Following Footprints into the Great Unknown

Jesus calls us to follow him even when we can’t see where his footprints lead.

You can listen to today’s devotion by clicking on this SoundCloud link.

“My sheep listen to my voice; I know them, and they follow me.”
John 10:27 New Living Translation

I made good time on my way to Faith Lutheran Church in Buena Vista, Colorado to install their new pastor. Not surprisingly, I took my camera with me. Buena Vista sits in the Arkansas River Valley between Leadville to the north and Salida to the south, on the eastern side of the Collegiate Peaks. Instead of finding a good view, a “buena vista”, of  mounts Princeton, Yale, or Harvard, I chose a route less traveled and found these aspen trees cradled in the snow.

CR 187 Chaffee County, Colorado

Frankly, I needed to get out of the car and I needed to feed my fix for pushing the shutter button on my camera. It was the middle of the day, the sky was bright, and there was far too much contrast for decent pictures. After taking a few nondescript pics, I saw these footprints deeply embedded in the old snow and heading off into the great unknown.

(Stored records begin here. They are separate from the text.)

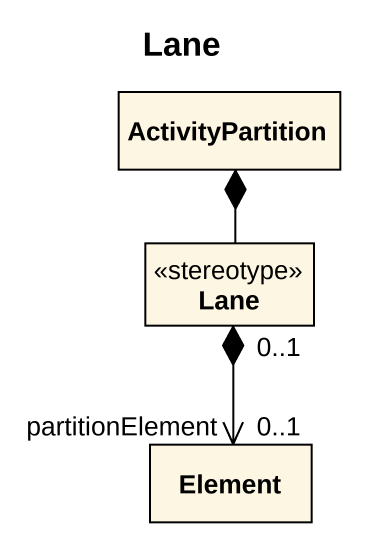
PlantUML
@startuml
title Lane
hide circle
hide empty members
class ActivityPartition
class Lane <<stereotype>>
class Element
Lane -up-* ActivityPartition
Lane "0..1" *--> "0..1\npartitionElement" Element
@enduml

I was still in my Sunday best, so I didn’t follow where they led.

I don’t know where they stopped.

I don’t know what buena vista awaited the hiker.

I don’t know the struggles along the way.

Jesus, our Good Shepherd, calls us to follow his footprints. Lent reminds us of this call. We see his footprints that lead to his cross, tomb, and resurrection. These footprints are obvious. But as those who follow Christ, we don’t always see his steps that lead us as we daily pick up our cross and follow him. We have many questions about where Jesus will lead us.

Where will the journey end?

What will the view be like when we get there?

What struggles will we face along the way?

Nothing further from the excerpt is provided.